At 0.94 seconds compared to 1.16, it's true that the mega-regex update is faster, running in 81% of the time of doing it in code. It is not, however a lot faster. And ye Gods, look at that update statement. Do you want to write that, or try to figure out what went wrong when Postgres complains that you dropped a parenthesis somewhere?
Code
The code used was:
def stupid_regex_replace
sql = Select.new
sql.select('id')
sql.select('t')
sql.for_update
sql.from(TABLE_NAME)
Cursor.new('foo', sql, {}, #db) do |cursor|
until (rows = cursor.fetch(100)).empty?
for row in rows
for regex, replacement in regexes
row['t'] = row['t'].gsub(regex, replacement)
end
end
sql = Update.new(TABLE_NAME, #db)
sql.set('t', row['t'])
sql.where(['id = %s', row['id']])
sql.exec
end
end
end
I generated the regular expressions dynamically by taking words from the file; for each word "foo", its regular expression was "\bfoo\b" and its replacement string was "FOO" (the word uppercased). I used words from the file to make sure that replacements did happen. I made the test program spit out the regex's so you can see them. Each pair is a regex and the corresponding replacement string:
[[/\bcommit\b/, "COMMIT"],
[/\b9acf10762b5f3d3b1b33ea07792a936a25e45010\b/,
"9ACF10762B5F3D3B1B33EA07792A936A25E45010"],
[/\bAuthor:\b/, "AUTHOR:"],
[/\bCarl\b/, "CARL"],
[/\bWorth\b/, "WORTH"],
[/\b<cworth#cworth.org>\b/, "<CWORTH#CWORTH.ORG>"],
[/\bDate:\b/, "DATE:"],
[/\bMon\b/, "MON"],
[/\bOct\b/, "OCT"],
[/\b26\b/, "26"],
[/\b04:53:13\b/, "04:53:13"],
[/\b2009\b/, "2009"],
[/\b-0700\b/, "-0700"],
[/\bUpdate\b/, "UPDATE"],
[/\bversion\b/, "VERSION"],
[/\bto\b/, "TO"],
[/\b2.9.1\b/, "2.9.1"],
[/\bcommit\b/, "COMMIT"],
[/\b61c89e56f361fa860f18985137d6bf53f48c16ac\b/,
"61C89E56F361FA860F18985137D6BF53F48C16AC"],
[/\bAuthor:\b/, "AUTHOR:"],
[/\bCarl\b/, "CARL"],
[/\bWorth\b/, "WORTH"],
[/\b<cworth#cworth.org>\b/, "<CWORTH#CWORTH.ORG>"],
[/\bDate:\b/, "DATE:"],
[/\bMon\b/, "MON"],
[/\bOct\b/, "OCT"],
[/\b26\b/, "26"],
[/\b04:51:58\b/, "04:51:58"],
[/\b2009\b/, "2009"],
[/\b-0700\b/, "-0700"],
[/\bNEWS:\b/, "NEWS:"],
[/\bAdd\b/, "ADD"],
[/\bnotes\b/, "NOTES"],
[/\bfor\b/, "FOR"],
[/\bthe\b/, "THE"],
[/\b2.9.1\b/, "2.9.1"],
[/\brelease.\b/, "RELEASE."],
[/\bThanks\b/, "THANKS"],
[/\bto\b/, "TO"],
[/\beveryone\b/, "EVERYONE"],
[/\bfor\b/, "FOR"]]
If this were a hand-generated list of regex's, and not automatically generated, my question is still appropriate: Which would you rather have to create or maintain?

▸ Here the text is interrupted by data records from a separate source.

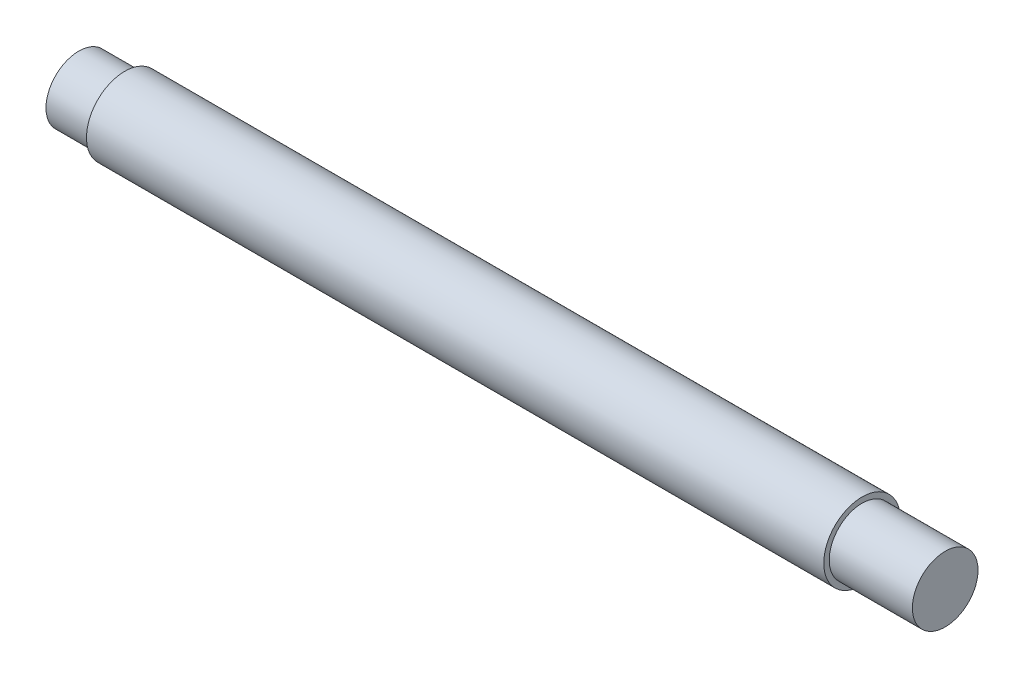
ISO-10303-21;
HEADER;
FILE_DESCRIPTION(('STEP AP214'),'2;1');
FILE_NAME('part.step','',(''),(''),'','','');
FILE_SCHEMA(('AUTOMOTIVE_DESIGN { 1 0 10303 214 1 1 1 1 }'));
ENDSEC;
DATA;
#1=APPLICATION_CONTEXT('core data for automotive mechanical design processes');
#2=APPLICATION_PROTOCOL_DEFINITION('international standard','automotive_design',2000,#1);
#3=PRODUCT_CONTEXT('',#1,'mechanical');
#4=PRODUCT('Part','Part','',(#3));
#5=PRODUCT_RELATED_PRODUCT_CATEGORY('part','',(#4));
#6=PRODUCT_DEFINITION_FORMATION('','',#4);
#7=PRODUCT_DEFINITION_CONTEXT('part definition',#1,'design');
#8=PRODUCT_DEFINITION('design','',#6,#7);
#9=PRODUCT_DEFINITION_SHAPE('','',#8);
#10=(LENGTH_UNIT() NAMED_UNIT(*) SI_UNIT(.MILLI.,.METRE.));
#11=(NAMED_UNIT(*) PLANE_ANGLE_UNIT() SI_UNIT($,.RADIAN.));
#12=(NAMED_UNIT(*) SI_UNIT($,.STERADIAN.) SOLID_ANGLE_UNIT());
#13=UNCERTAINTY_MEASURE_WITH_UNIT(LENGTH_MEASURE(1.E-05),#10,'distance_accuracy_value','');
#14=(GEOMETRIC_REPRESENTATION_CONTEXT(3) GLOBAL_UNCERTAINTY_ASSIGNED_CONTEXT((#13)) GLOBAL_UNIT_ASSIGNED_CONTEXT((#10,
#11,#12)) REPRESENTATION_CONTEXT('',''));
#15=CARTESIAN_POINT('',(0.,0.,0.));
#16=DIRECTION('',(0.,0.,1.));
#17=DIRECTION('',(1.,0.,0.));
#18=AXIS2_PLACEMENT_3D('',#15,#16,#17);
#19=CARTESIAN_POINT('',(-168.5,0.,0.));
#20=DIRECTION('',(1.,0.,0.));
#21=DIRECTION('',(0.,0.,-1.));
#22=AXIS2_PLACEMENT_3D('',#19,#20,#21);
#23=PLANE('',#22);
#24=CARTESIAN_POINT('',(-168.5,0.,0.));
#25=DIRECTION('',(1.,0.,0.));
#26=DIRECTION('',(0.,0.,-1.));
#27=AXIS2_PLACEMENT_3D('',#24,#25,#26);
#28=CIRCLE('',#27,17.5);
#29=CARTESIAN_POINT('',(-168.5,0.,-17.5));
#30=VERTEX_POINT('',#29);
#31=EDGE_CURVE('E32',#30,#30,#28,.T.);
#32=ORIENTED_EDGE('',*,*,#31,.F.);
#33=EDGE_LOOP('',(#32));
#34=FACE_BOUND('',#33,.T.);
#35=CARTESIAN_POINT('',(-168.5,0.,0.));
#36=DIRECTION('',(1.,0.,0.));
#37=DIRECTION('',(0.,0.,-1.));
#38=AXIS2_PLACEMENT_3D('',#35,#36,#37);
#39=CIRCLE('',#38,15.);
#40=CARTESIAN_POINT('',(-168.5,0.,-15.));
#41=VERTEX_POINT('',#40);
#42=EDGE_CURVE('E10',#41,#41,#39,.F.);
#43=ORIENTED_EDGE('',*,*,#42,.F.);
#44=EDGE_LOOP('',(#43));
#45=FACE_BOUND('',#44,.T.);
#46=ADVANCED_FACE('F15',(#34,#45),#23,.F.);
#47=CARTESIAN_POINT('',(168.5,0.,0.));
#48=DIRECTION('',(1.,0.,0.));
#49=DIRECTION('',(0.,0.,-1.));
#50=AXIS2_PLACEMENT_3D('',#47,#48,#49);
#51=PLANE('',#50);
#52=CARTESIAN_POINT('',(168.5,0.,0.));
#53=DIRECTION('',(1.,0.,0.));
#54=DIRECTION('',(0.,0.,-1.));
#55=AXIS2_PLACEMENT_3D('',#52,#53,#54);
#56=CIRCLE('',#55,17.5);
#57=CARTESIAN_POINT('',(168.5,0.,-17.5));
#58=VERTEX_POINT('',#57);
#59=EDGE_CURVE('E23',#58,#58,#56,.T.);
#60=ORIENTED_EDGE('',*,*,#59,.T.);
#61=EDGE_LOOP('',(#60));
#62=FACE_BOUND('',#61,.T.);
#63=CARTESIAN_POINT('',(168.5,0.,0.));
#64=DIRECTION('',(1.,0.,0.));
#65=DIRECTION('',(0.,0.,-1.));
#66=AXIS2_PLACEMENT_3D('',#63,#64,#65);
#67=CIRCLE('',#66,15.);
#68=CARTESIAN_POINT('',(168.5,0.,-15.));
#69=VERTEX_POINT('',#68);
#70=EDGE_CURVE('E42',#69,#69,#67,.T.);
#71=ORIENTED_EDGE('',*,*,#70,.F.);
#72=EDGE_LOOP('',(#71));
#73=FACE_BOUND('',#72,.T.);
#74=ADVANCED_FACE('F71',(#62,#73),#51,.T.);
#75=CARTESIAN_POINT('',(168.5,0.,0.));
#76=DIRECTION('',(-1.,0.,0.));
#77=DIRECTION('',(0.,0.,1.));
#78=AXIS2_PLACEMENT_3D('',#75,#76,#77);
#79=CYLINDRICAL_SURFACE('',#78,17.5);
#80=ORIENTED_EDGE('',*,*,#59,.F.);
#81=EDGE_LOOP('',(#80));
#82=FACE_BOUND('',#81,.T.);
#83=ORIENTED_EDGE('',*,*,#31,.T.);
#84=EDGE_LOOP('',(#83));
#85=FACE_BOUND('',#84,.T.);
#86=ADVANCED_FACE('F17',(#82,#85),#79,.T.);
#87=CARTESIAN_POINT('',(206.5,0.,0.));
#88=DIRECTION('',(-1.,0.,0.));
#89=DIRECTION('',(0.,0.,1.));
#90=AXIS2_PLACEMENT_3D('',#87,#88,#89);
#91=CYLINDRICAL_SURFACE('',#90,15.);
#92=CARTESIAN_POINT('',(206.5,0.,0.));
#93=DIRECTION('',(1.,0.,0.));
#94=DIRECTION('',(0.,0.,-1.));
#95=AXIS2_PLACEMENT_3D('',#92,#93,#94);
#96=CIRCLE('',#95,15.);
#97=CARTESIAN_POINT('',(206.5,0.,-15.));
#98=VERTEX_POINT('',#97);
#99=EDGE_CURVE('E40',#98,#98,#96,.T.);
#100=ORIENTED_EDGE('',*,*,#99,.F.);
#101=EDGE_LOOP('',(#100));
#102=FACE_BOUND('',#101,.T.);
#103=ORIENTED_EDGE('',*,*,#70,.T.);
#104=EDGE_LOOP('',(#103));
#105=FACE_BOUND('',#104,.T.);
#106=ADVANCED_FACE('F67',(#102,#105),#91,.T.);
#107=CARTESIAN_POINT('',(206.5,0.,0.));
#108=DIRECTION('',(1.,0.,0.));
#109=DIRECTION('',(0.,0.,-1.));
#110=AXIS2_PLACEMENT_3D('',#107,#108,#109);
#111=PLANE('',#110);
#112=ORIENTED_EDGE('',*,*,#99,.T.);
#113=EDGE_LOOP('',(#112));
#114=FACE_BOUND('',#113,.T.);
#115=ADVANCED_FACE('F58',(#114),#111,.T.);
#116=CARTESIAN_POINT('',(-189.5,0.,0.));
#117=DIRECTION('',(1.,0.,0.));
#118=DIRECTION('',(0.,0.,-1.));
#119=AXIS2_PLACEMENT_3D('',#116,#117,#118);
#120=CYLINDRICAL_SURFACE('',#119,15.);
#121=CARTESIAN_POINT('',(-189.5,0.,0.));
#122=DIRECTION('',(-1.,0.,0.));
#123=DIRECTION('',(0.,0.,1.));
#124=AXIS2_PLACEMENT_3D('',#121,#122,#123);
#125=CIRCLE('',#124,15.);
#126=CARTESIAN_POINT('',(-189.5,0.,15.));
#127=VERTEX_POINT('',#126);
#128=EDGE_CURVE('E46',#127,#127,#125,.T.);
#129=ORIENTED_EDGE('',*,*,#128,.F.);
#130=EDGE_LOOP('',(#129));
#131=FACE_BOUND('',#130,.T.);
#132=ORIENTED_EDGE('',*,*,#42,.T.);
#133=EDGE_LOOP('',(#132));
#134=FACE_BOUND('',#133,.T.);
#135=ADVANCED_FACE('F56',(#131,#134),#120,.T.);
#136=CARTESIAN_POINT('',(-189.5,0.,0.));
#137=DIRECTION('',(-1.,0.,0.));
#138=DIRECTION('',(0.,0.,1.));
#139=AXIS2_PLACEMENT_3D('',#136,#137,#138);
#140=PLANE('',#139);
#141=ORIENTED_EDGE('',*,*,#128,.T.);
#142=EDGE_LOOP('',(#141));
#143=FACE_BOUND('',#142,.T.);
#144=ADVANCED_FACE('F54',(#143),#140,.T.);
#145=CLOSED_SHELL('',(#46,#74,#86,#106,#115,#135,#144));
#146=MANIFOLD_SOLID_BREP('B1',#145);
#147=ADVANCED_BREP_SHAPE_REPRESENTATION('',(#18,#146),#14);
#148=SHAPE_DEFINITION_REPRESENTATION(#9,#147);
ENDSEC;
END-ISO-10303-21;

For the skip update, look at suppress_redundant_updates - see http://www.postgresql.org/docs/8.4/static/functions-trigger.html.
This is not necessarily a win - but it might well be in your case.
Or perhaps you can just add that implicit check as an explicit one?